The need to take a deeper look at this? See this graph:
A lot of data growth is happening around these so-called unstructured data types. Enterprises which manage to automate the collection, organization and analysis of these data types, will derive competitive advantage.
Every data element does mean something, though what it means may not always be relevant for you. Let me explain with common data sets which are currently labeled "unstructured".
- Text: Lets start with the subsets in here.

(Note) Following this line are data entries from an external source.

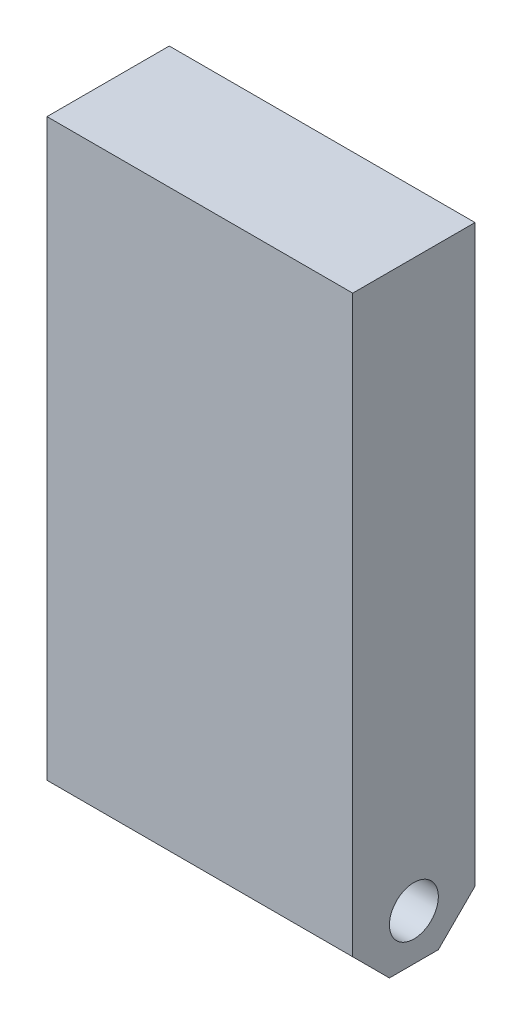
ISO-10303-21;
HEADER;
FILE_DESCRIPTION(('STEP AP214'),'2;1');
FILE_NAME('part.step','',(''),(''),'','','');
FILE_SCHEMA(('AUTOMOTIVE_DESIGN { 1 0 10303 214 1 1 1 1 }'));
ENDSEC;
DATA;
#1=APPLICATION_CONTEXT('core data for automotive mechanical design processes');
#2=APPLICATION_PROTOCOL_DEFINITION('international standard','automotive_design',2000,#1);
#3=PRODUCT_CONTEXT('',#1,'mechanical');
#4=PRODUCT('Part','Part','',(#3));
#5=PRODUCT_RELATED_PRODUCT_CATEGORY('part','',(#4));
#6=PRODUCT_DEFINITION_FORMATION('','',#4);
#7=PRODUCT_DEFINITION_CONTEXT('part definition',#1,'design');
#8=PRODUCT_DEFINITION('design','',#6,#7);
#9=PRODUCT_DEFINITION_SHAPE('','',#8);
#10=(LENGTH_UNIT() NAMED_UNIT(*) SI_UNIT(.MILLI.,.METRE.));
#11=(NAMED_UNIT(*) PLANE_ANGLE_UNIT() SI_UNIT($,.RADIAN.));
#12=(NAMED_UNIT(*) SI_UNIT($,.STERADIAN.) SOLID_ANGLE_UNIT());
#13=UNCERTAINTY_MEASURE_WITH_UNIT(LENGTH_MEASURE(1.E-05),#10,'distance_accuracy_value','');
#14=(GEOMETRIC_REPRESENTATION_CONTEXT(3) GLOBAL_UNCERTAINTY_ASSIGNED_CONTEXT((#13)) GLOBAL_UNIT_ASSIGNED_CONTEXT((#10,
#11,#12)) REPRESENTATION_CONTEXT('',''));
#15=CARTESIAN_POINT('',(0.,0.,0.));
#16=DIRECTION('',(0.,0.,1.));
#17=DIRECTION('',(1.,0.,0.));
#18=AXIS2_PLACEMENT_3D('',#15,#16,#17);
#19=CARTESIAN_POINT('',(25.,0.,10.));
#20=DIRECTION('',(-1.,0.,0.));
#21=DIRECTION('',(0.,-1.,0.));
#22=AXIS2_PLACEMENT_3D('',#19,#20,#21);
#23=PLANE('',#22);
#24=CARTESIAN_POINT('',(25.,7.5225763514201,0.));
#25=DIRECTION('',(-1.,0.,0.));
#26=DIRECTION('',(0.,0.,1.));
#27=AXIS2_PLACEMENT_3D('',#24,#25,#26);
#28=CIRCLE('',#27,4.);
#29=CARTESIAN_POINT('',(25.,7.5225763514201,4.));
#30=VERTEX_POINT('',#29);
#31=EDGE_CURVE('E157',#30,#30,#28,.T.);
#32=ORIENTED_EDGE('',*,*,#31,.T.);
#33=EDGE_LOOP('',(#32));
#34=FACE_BOUND('',#33,.T.);
#35=DIRECTION('',(0.,1.,0.));
#36=VECTOR('',#35,1.);
#37=CARTESIAN_POINT('',(25.,0.,10.));
#38=LINE('',#37,#36);
#39=CARTESIAN_POINT('',(25.,6.00000000000001,10.));
#40=VERTEX_POINT('',#39);
#41=CARTESIAN_POINT('',(25.,100.,10.));
#42=VERTEX_POINT('',#41);
#43=EDGE_CURVE('E93',#40,#42,#38,.T.);
#44=ORIENTED_EDGE('',*,*,#43,.F.);
#45=DIRECTION('',(0.,-0.707106781186547,-0.707106781186549));
#46=VECTOR('',#45,1.);
#47=CARTESIAN_POINT('',(25.,6.00000000000001,10.));
#48=LINE('',#47,#46);
#49=CARTESIAN_POINT('',(25.,0.,3.99999999999998));
#50=VERTEX_POINT('',#49);
#51=EDGE_CURVE('E128',#40,#50,#48,.T.);
#52=ORIENTED_EDGE('',*,*,#51,.T.);
#53=DIRECTION('',(0.,0.,-1.));
#54=VECTOR('',#53,1.);
#55=CARTESIAN_POINT('',(25.,0.,10.));
#56=LINE('',#55,#54);
#57=CARTESIAN_POINT('',(25.,0.,-4.00000000000001));
#58=VERTEX_POINT('',#57);
#59=EDGE_CURVE('E142',#50,#58,#56,.T.);
#60=ORIENTED_EDGE('',*,*,#59,.T.);
#61=DIRECTION('',(0.,-0.707106781186549,0.707106781186546));
#62=VECTOR('',#61,1.);
#63=CARTESIAN_POINT('',(25.,0.,-4.00000000000001));
#64=LINE('',#63,#62);
#65=CARTESIAN_POINT('',(25.,6.00000000000002,-10.));
#66=VERTEX_POINT('',#65);
#67=EDGE_CURVE('E121',#58,#66,#64,.F.);
#68=ORIENTED_EDGE('',*,*,#67,.T.);
#69=DIRECTION('',(0.,1.,0.));
#70=VECTOR('',#69,1.);
#71=CARTESIAN_POINT('',(25.,0.,-10.));
#72=LINE('',#71,#70);
#73=CARTESIAN_POINT('',(25.,100.,-10.));
#74=VERTEX_POINT('',#73);
#75=EDGE_CURVE('E116',#66,#74,#72,.T.);
#76=ORIENTED_EDGE('',*,*,#75,.T.);
#77=DIRECTION('',(0.,0.,-1.));
#78=VECTOR('',#77,1.);
#79=CARTESIAN_POINT('',(25.,100.,10.));
#80=LINE('',#79,#78);
#81=EDGE_CURVE('E109',#42,#74,#80,.T.);
#82=ORIENTED_EDGE('',*,*,#81,.F.);
#83=EDGE_LOOP('',(#44,#52,#60,#68,#76,#82));
#84=FACE_BOUND('',#83,.T.);
#85=ADVANCED_FACE('F37',(#34,#84),#23,.F.);
#86=CARTESIAN_POINT('',(25.,100.,10.));
#87=DIRECTION('',(0.,-1.,0.));
#88=DIRECTION('',(0.,0.,-1.));
#89=AXIS2_PLACEMENT_3D('',#86,#87,#88);
#90=PLANE('',#89);
#91=DIRECTION('',(-1.,0.,0.));
#92=VECTOR('',#91,1.);
#93=CARTESIAN_POINT('',(25.,100.,-10.));
#94=LINE('',#93,#92);
#95=CARTESIAN_POINT('',(-25.,100.,-10.));
#96=VERTEX_POINT('',#95);
#97=EDGE_CURVE('E154',#74,#96,#94,.T.);
#98=ORIENTED_EDGE('',*,*,#97,.T.);
#99=DIRECTION('',(0.,0.,-1.));
#100=VECTOR('',#99,1.);
#101=CARTESIAN_POINT('',(-25.,100.,10.));
#102=LINE('',#101,#100);
#103=CARTESIAN_POINT('',(-25.,100.,10.));
#104=VERTEX_POINT('',#103);
#105=EDGE_CURVE('E111',#104,#96,#102,.T.);
#106=ORIENTED_EDGE('',*,*,#105,.F.);
#107=DIRECTION('',(-1.,0.,0.));
#108=VECTOR('',#107,1.);
#109=CARTESIAN_POINT('',(25.,100.,10.));
#110=LINE('',#109,#108);
#111=EDGE_CURVE('E97',#42,#104,#110,.T.);
#112=ORIENTED_EDGE('',*,*,#111,.F.);
#113=ORIENTED_EDGE('',*,*,#81,.T.);
#114=EDGE_LOOP('',(#98,#106,#112,#113));
#115=FACE_BOUND('',#114,.T.);
#116=ADVANCED_FACE('F108',(#115),#90,.F.);
#117=CARTESIAN_POINT('',(-25.,0.,10.));
#118=DIRECTION('',(1.,0.,0.));
#119=DIRECTION('',(0.,1.,0.));
#120=AXIS2_PLACEMENT_3D('',#117,#118,#119);
#121=PLANE('',#120);
#122=CARTESIAN_POINT('',(-25.,7.5225763514201,0.));
#123=DIRECTION('',(-1.,0.,0.));
#124=DIRECTION('',(0.,0.,1.));
#125=AXIS2_PLACEMENT_3D('',#122,#123,#124);
#126=CIRCLE('',#125,4.);
#127=CARTESIAN_POINT('',(-25.,7.5225763514201,4.));
#128=VERTEX_POINT('',#127);
#129=EDGE_CURVE('E159',#128,#128,#126,.T.);
#130=ORIENTED_EDGE('',*,*,#129,.F.);
#131=EDGE_LOOP('',(#130));
#132=FACE_BOUND('',#131,.T.);
#133=DIRECTION('',(0.,0.,-1.));
#134=VECTOR('',#133,1.);
#135=CARTESIAN_POINT('',(-25.,0.,10.));
#136=LINE('',#135,#134);
#137=CARTESIAN_POINT('',(-25.,0.,3.99999999999998));
#138=VERTEX_POINT('',#137);
#139=CARTESIAN_POINT('',(-25.,0.,-4.00000000000001));
#140=VERTEX_POINT('',#139);
#141=EDGE_CURVE('E123',#138,#140,#136,.T.);
#142=ORIENTED_EDGE('',*,*,#141,.F.);
#143=DIRECTION('',(0.,0.707106781186547,0.707106781186549));
#144=VECTOR('',#143,1.);
#145=CARTESIAN_POINT('',(-25.,6.,10.));
#146=LINE('',#145,#144);
#147=CARTESIAN_POINT('',(-25.,6.,10.));
#148=VERTEX_POINT('',#147);
#149=EDGE_CURVE('E45',#138,#148,#146,.T.);
#150=ORIENTED_EDGE('',*,*,#149,.T.);
#151=DIRECTION('',(0.,-1.,0.));
#152=VECTOR('',#151,1.);
#153=CARTESIAN_POINT('',(-25.,0.,10.));
#154=LINE('',#153,#152);
#155=EDGE_CURVE('E114',#104,#148,#154,.T.);
#156=ORIENTED_EDGE('',*,*,#155,.F.);
#157=ORIENTED_EDGE('',*,*,#105,.T.);
#158=DIRECTION('',(0.,-1.,0.));
#159=VECTOR('',#158,1.);
#160=CARTESIAN_POINT('',(-25.,0.,-10.));
#161=LINE('',#160,#159);
#162=CARTESIAN_POINT('',(-25.,6.00000000000001,-10.));
#163=VERTEX_POINT('',#162);
#164=EDGE_CURVE('E104',#96,#163,#161,.T.);
#165=ORIENTED_EDGE('',*,*,#164,.T.);
#166=DIRECTION('',(0.,0.707106781186549,-0.707106781186546));
#167=VECTOR('',#166,1.);
#168=CARTESIAN_POINT('',(-25.,0.,-4.00000000000001));
#169=LINE('',#168,#167);
#170=EDGE_CURVE('E57',#163,#140,#169,.F.);
#171=ORIENTED_EDGE('',*,*,#170,.T.);
#172=EDGE_LOOP('',(#142,#150,#156,#157,#165,#171));
#173=FACE_BOUND('',#172,.T.);
#174=ADVANCED_FACE('F138',(#132,#173),#121,.F.);
#175=CARTESIAN_POINT('',(25.,0.,10.));
#176=DIRECTION('',(0.,1.,0.));
#177=DIRECTION('',(-1.,0.,0.));
#178=AXIS2_PLACEMENT_3D('',#175,#176,#177);
#179=PLANE('',#178);
#180=ORIENTED_EDGE('',*,*,#59,.F.);
#181=DIRECTION('',(-1.,0.,0.));
#182=VECTOR('',#181,1.);
#183=CARTESIAN_POINT('',(-25.,0.,3.99999999999998));
#184=LINE('',#183,#182);
#185=EDGE_CURVE('E133',#50,#138,#184,.T.);
#186=ORIENTED_EDGE('',*,*,#185,.T.);
#187=ORIENTED_EDGE('',*,*,#141,.T.);
#188=DIRECTION('',(1.,0.,0.));
#189=VECTOR('',#188,1.);
#190=CARTESIAN_POINT('',(25.,0.,-4.00000000000001));
#191=LINE('',#190,#189);
#192=EDGE_CURVE('E130',#140,#58,#191,.T.);
#193=ORIENTED_EDGE('',*,*,#192,.T.);
#194=EDGE_LOOP('',(#180,#186,#187,#193));
#195=FACE_BOUND('',#194,.T.);
#196=ADVANCED_FACE('F148',(#195),#179,.F.);
#197=CARTESIAN_POINT('',(25.,100.,10.));
#198=DIRECTION('',(0.,0.,1.));
#199=DIRECTION('',(1.,0.,0.));
#200=AXIS2_PLACEMENT_3D('',#197,#198,#199);
#201=PLANE('',#200);
#202=ORIENTED_EDGE('',*,*,#155,.T.);
#203=DIRECTION('',(1.,0.,0.));
#204=VECTOR('',#203,1.);
#205=CARTESIAN_POINT('',(25.,6.00000000000001,10.));
#206=LINE('',#205,#204);
#207=EDGE_CURVE('E100',#148,#40,#206,.T.);
#208=ORIENTED_EDGE('',*,*,#207,.T.);
#209=ORIENTED_EDGE('',*,*,#43,.T.);
#210=ORIENTED_EDGE('',*,*,#111,.T.);
#211=EDGE_LOOP('',(#202,#208,#209,#210));
#212=FACE_BOUND('',#211,.T.);
#213=ADVANCED_FACE('F96',(#212),#201,.T.);
#214=CARTESIAN_POINT('',(25.,100.,-10.));
#215=DIRECTION('',(0.,0.,1.));
#216=DIRECTION('',(1.,0.,0.));
#217=AXIS2_PLACEMENT_3D('',#214,#215,#216);
#218=PLANE('',#217);
#219=ORIENTED_EDGE('',*,*,#75,.F.);
#220=DIRECTION('',(-1.,0.,0.));
#221=VECTOR('',#220,1.);
#222=CARTESIAN_POINT('',(25.,6.00000000000002,-10.));
#223=LINE('',#222,#221);
#224=EDGE_CURVE('E11',#66,#163,#223,.T.);
#225=ORIENTED_EDGE('',*,*,#224,.T.);
#226=ORIENTED_EDGE('',*,*,#164,.F.);
#227=ORIENTED_EDGE('',*,*,#97,.F.);
#228=EDGE_LOOP('',(#219,#225,#226,#227));
#229=FACE_BOUND('',#228,.T.);
#230=ADVANCED_FACE('F170',(#229),#218,.F.);
#231=CARTESIAN_POINT('',(25.,7.5225763514201,0.));
#232=DIRECTION('',(-1.,0.,0.));
#233=DIRECTION('',(0.,0.,1.));
#234=AXIS2_PLACEMENT_3D('',#231,#232,#233);
#235=CYLINDRICAL_SURFACE('',#234,4.);
#236=ORIENTED_EDGE('',*,*,#31,.F.);
#237=EDGE_LOOP('',(#236));
#238=FACE_BOUND('',#237,.T.);
#239=ORIENTED_EDGE('',*,*,#129,.T.);
#240=EDGE_LOOP('',(#239));
#241=FACE_BOUND('',#240,.T.);
#242=ADVANCED_FACE('F167',(#238,#241),#235,.F.);
#243=CARTESIAN_POINT('',(25.,6.00000000000001,10.));
#244=DIRECTION('',(0.,-0.707106781186549,0.707106781186547));
#245=DIRECTION('',(0.,-0.707106781186547,-0.707106781186549));
#246=AXIS2_PLACEMENT_3D('',#243,#244,#245);
#247=PLANE('',#246);
#248=ORIENTED_EDGE('',*,*,#149,.F.);
#249=ORIENTED_EDGE('',*,*,#185,.F.);
#250=ORIENTED_EDGE('',*,*,#51,.F.);
#251=ORIENTED_EDGE('',*,*,#207,.F.);
#252=EDGE_LOOP('',(#248,#249,#250,#251));
#253=FACE_BOUND('',#252,.T.);
#254=ADVANCED_FACE('F144',(#253),#247,.T.);
#255=CARTESIAN_POINT('',(25.,0.,-4.00000000000001));
#256=DIRECTION('',(0.,0.707106781186546,0.707106781186549));
#257=DIRECTION('',(0.,-0.707106781186549,0.707106781186546));
#258=AXIS2_PLACEMENT_3D('',#255,#256,#257);
#259=PLANE('',#258);
#260=ORIENTED_EDGE('',*,*,#170,.F.);
#261=ORIENTED_EDGE('',*,*,#224,.F.);
#262=ORIENTED_EDGE('',*,*,#67,.F.);
#263=ORIENTED_EDGE('',*,*,#192,.F.);
#264=EDGE_LOOP('',(#260,#261,#262,#263));
#265=FACE_BOUND('',#264,.T.);
#266=ADVANCED_FACE('F39',(#265),#259,.F.);
#267=CLOSED_SHELL('',(#85,#116,#174,#196,#213,#230,#242,#254,#266));
#268=MANIFOLD_SOLID_BREP('B2',#267);
#269=ADVANCED_BREP_SHAPE_REPRESENTATION('',(#18,#268),#14);
#270=SHAPE_DEFINITION_REPRESENTATION(#9,#269);
ENDSEC;
END-ISO-10303-21;

- Machine generated data (sensors, etc) definitely can be deciphered once you get the meta data structures / templates that the machine uses to generate the data. Of course, some of the fields in the stream will need more advanced analysis/discovery capabilities to automate the analysis.
- Interaction Data: This is the case for social media data where a lot of business value lies in the long open text fields where people express sentiment about other people and products. To automate the analysis of these, entity recognition and semantic analysis provide the ability to understand the data better. In other words, if you can represent the text data as a collection of entities, relationships between them and relationship attributes like sentiment, you are much closer to analyze the data than you might think!
- Images: Image recognition algorithms have almost become mainstream (though not very well-received as seen in the reservations against Google and Facebook deploying these at scale). Again, these techniques yield entities though deriving relationships and sentiment are much more challenging.
- Audio: Again a lot of research is yielding technology which can decipher the content of audio streams and even annotate the resultant content with mood of the speaker! You could then leverage the text analysis techniques to get closer to the analyzable data.
- Video: Unarguably, this is the most challenging data type due to the sheer volume of data that needs to be handled. Image recognition techniques can be applied per frame or a series of frames to extract entities. Of course, deciphering the action (the video content) is further out in the future. Audio recognition can be applied to understand part of the "action" content.
- Dynamic Meta data discovery: This is mainly for text data. This includes the ability to
- Dynamically derive meta data out of sample result sets e.g. new REST end points
- Maintain / Master metadata on an ongoing basis
- At run time, choose the appropriate / best matching metadata set out of several possible options
- Taxonomy Setup: You need to be able to capture / represent your business and its entities for other analysis layers to reference and annotate incoming data. As your business evolves, this taxonomy will get richer.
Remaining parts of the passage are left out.